● **EXERCISE GOAL**
In the records below, find the line containing "settings DataIOCC: SignalLoggingSaveFormat=Dataset" and the line containing "M3/LConn1 -- Controlled". Give again exactly those lines and every line between them, omitting the pictures.

[Records from a data source]
—————

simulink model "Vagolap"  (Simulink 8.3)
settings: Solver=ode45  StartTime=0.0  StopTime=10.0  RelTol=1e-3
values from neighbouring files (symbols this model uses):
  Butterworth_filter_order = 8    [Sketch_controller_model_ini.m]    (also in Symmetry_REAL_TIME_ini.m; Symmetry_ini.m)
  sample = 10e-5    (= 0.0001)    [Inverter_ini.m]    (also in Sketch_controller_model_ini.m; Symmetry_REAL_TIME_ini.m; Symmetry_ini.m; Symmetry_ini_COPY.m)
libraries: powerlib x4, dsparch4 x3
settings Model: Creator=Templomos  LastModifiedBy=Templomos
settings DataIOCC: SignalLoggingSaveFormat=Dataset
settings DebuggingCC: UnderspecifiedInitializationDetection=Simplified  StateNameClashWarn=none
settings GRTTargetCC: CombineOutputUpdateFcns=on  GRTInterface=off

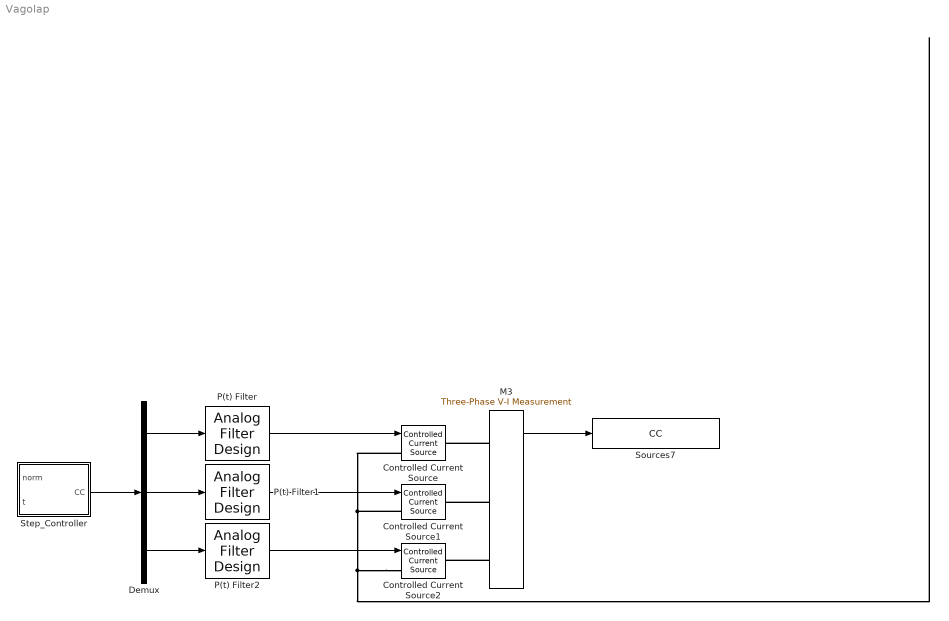
== system Vagolap ==
  Controlled Current Source : powerlib/Electrical Sources/Controlled Current Source  Initialize=on  Source_Type=AC  Amplitude=0  Phase=0  Frequency=0  Measurements=None
  Controlled Current Source1 : powerlib/Electrical Sources/Controlled Current Source  Initialize=on  Source_Type=AC  Amplitude=0  Phase=0  Frequency=0  Measurements=None
  Controlled Current Source2 : powerlib/Electrical Sources/Controlled Current Source  Initialize=on  Source_Type=AC  Amplitude=0  Phase=0  Frequency=0  Measurements=None
  Demux : Demux  Outputs=3
  M3 : powerlib/Measurements/Three-Phase V-I Measurement  VoltageMeasurement=no  SetLabelV=off  LabelV=V_RST  Vpu=off  VpuLL=off  CurrentMeasurement=yes  SetLabelI=off  LabelI=I_RST  Ipu=off  Pbase=100e6  Vbase=500e3  OutputType=Complex  PhasorSimulation=off  PSBequivalent=0
  P(t) Filter : dsparch4/Analog Filter Design  method=Butterworth  filttype=Lowpass  N=Butterworth_filter_order  Wlo=Butterworth_passband_frequency  Whi=80  Rp=2  Rs=40
  P(t) Filter1 : dsparch4/Analog Filter Design  method=Butterworth  filttype=Lowpass  N=Butterworth_filter_order  Wlo=Butterworth_passband_frequency  Whi=80  Rp=2  Rs=40
  P(t) Filter2 : dsparch4/Analog Filter Design  method=Butterworth  filttype=Lowpass  N=Butterworth_filter_order  Wlo=Butterworth_passband_frequency  Whi=80  Rp=2  Rs=40
  Sources7 : ToWorkspace  VariableName=CC  SaveFormat=Structure With Time  SampleTime=sample
  Step_Controller : MATLAB Function  TreatAsAtomicUnit=on
  wires:
  ? -> Step_Controller/1(norm)
  Step_Controller/1(CC) -> Demux/1
  M3/1 -> Sources7/1
  P(t) Filter2/1 -> Controlled Current Source2/1
  Demux/1 -> P(t) Filter/1
  Demux/2 -> P(t) Filter1/1
  P(t) Filter1/1 -> Controlled Current Source1/1
  P(t) Filter/1 -> Controlled Current Source/1
  Demux/3 -> P(t) Filter2/1
  ? -> Step_Controller/2(t)
  connections:
  Controlled Current Source2/LConn1 -- Controlled Current Source/LConn1 -- Controlled Current Source1/LConn1
  M3/LConn2 -- Controlled Current Source1/RConn1
  M3/LConn3 -- Controlled Current Source2/RConn1
  M3/LConn1 -- Controlled Current Source/RConn1

== matlab function Step_Controller ==
  data: norm input double; CC output double; t input double
function CC= fcn(norm,t)
%#codegen



Control_Current_frequency=[20,     30,     40];       %[Hz]
Control_Current_Amplitude=[0,     0,     0];       %[A]
Control_Current_Phase=    [0,      2/3*pi, 4/3*pi];   %[rad]
Control_Current_DC=       [0,      0,      0];        %[A]

CC_mtx=[Control_Current_Amplitude', Control_Current_frequency',...
            Control_Current_Phase', Control_Current_DC'];
        
CC=[CC_mtx(1,1)*sin(2*pi*CC_mtx(1,2)*t+CC_mtx(1,3))+CC_mtx(1,4),...
    CC_mtx(2,1)*sin(2*pi*CC_mtx(2,2)*t+CC_mtx(2,3))+CC_mtx(2,4),...
    CC_mtx(3,1)*sin(2*pi*CC_mtx(3,2)*t+CC_mtx(3,3))+CC_mtx(3,4)];

—————

● **COMPLETED EXERCISE**
settings DataIOCC: SignalLoggingSaveFormat=Dataset
settings DebuggingCC: UnderspecifiedInitializationDetection=Simplified  StateNameClashWarn=none
settings GRTTargetCC: CombineOutputUpdateFcns=on  GRTInterface=off

== system Vagolap ==
  Controlled Current Source : powerlib/Electrical Sources/Controlled Current Source  Initialize=on  Source_Type=AC  Amplitude=0  Phase=0  Frequency=0  Measurements=None
  Controlled Current Source1 : powerlib/Electrical Sources/Controlled Current Source  Initialize=on  Source_Type=AC  Amplitude=0  Phase=0  Frequency=0  Measurements=None
  Controlled Current Source2 : powerlib/Electrical Sources/Controlled Current Source  Initialize=on  Source_Type=AC  Amplitude=0  Phase=0  Frequency=0  Measurements=None
  Demux : Demux  Outputs=3
  M3 : powerlib/Measurements/Three-Phase V-I Measurement  VoltageMeasurement=no  SetLabelV=off  LabelV=V_RST  Vpu=off  VpuLL=off  CurrentMeasurement=yes  SetLabelI=off  LabelI=I_RST  Ipu=off  Pbase=100e6  Vbase=500e3  OutputType=Complex  PhasorSimulation=off  PSBequivalent=0
  P(t) Filter : dsparch4/Analog Filter Design  method=Butterworth  filttype=Lowpass  N=Butterworth_filter_order  Wlo=Butterworth_passband_frequency  Whi=80  Rp=2  Rs=40
  P(t) Filter1 : dsparch4/Analog Filter Design  method=Butterworth  filttype=Lowpass  N=Butterworth_filter_order  Wlo=Butterworth_passband_frequency  Whi=80  Rp=2  Rs=40
  P(t) Filter2 : dsparch4/Analog Filter Design  method=Butterworth  filttype=Lowpass  N=Butterworth_filter_order  Wlo=Butterworth_passband_frequency  Whi=80  Rp=2  Rs=40
  Sources7 : ToWorkspace  VariableName=CC  SaveFormat=Structure With Time  SampleTime=sample
  Step_Controller : MATLAB Function  TreatAsAtomicUnit=on
  wires:
  ? -> Step_Controller/1(norm)
  Step_Controller/1(CC) -> Demux/1
  M3/1 -> Sources7/1
  P(t) Filter2/1 -> Controlled Current Source2/1
  Demux/1 -> P(t) Filter/1
  Demux/2 -> P(t) Filter1/1
  P(t) Filter1/1 -> Controlled Current Source1/1
  P(t) Filter/1 -> Controlled Current Source/1
  Demux/3 -> P(t) Filter2/1
  ? -> Step_Controller/2(t)
  connections:
  Controlled Current Source2/LConn1 -- Controlled Current Source/LConn1 -- Controlled Current Source1/LConn1
  M3/LConn2 -- Controlled Current Source1/RConn1
  M3/LConn3 -- Controlled Current Source2/RConn1
  M3/LConn1 -- Controlled Current Source/RConn1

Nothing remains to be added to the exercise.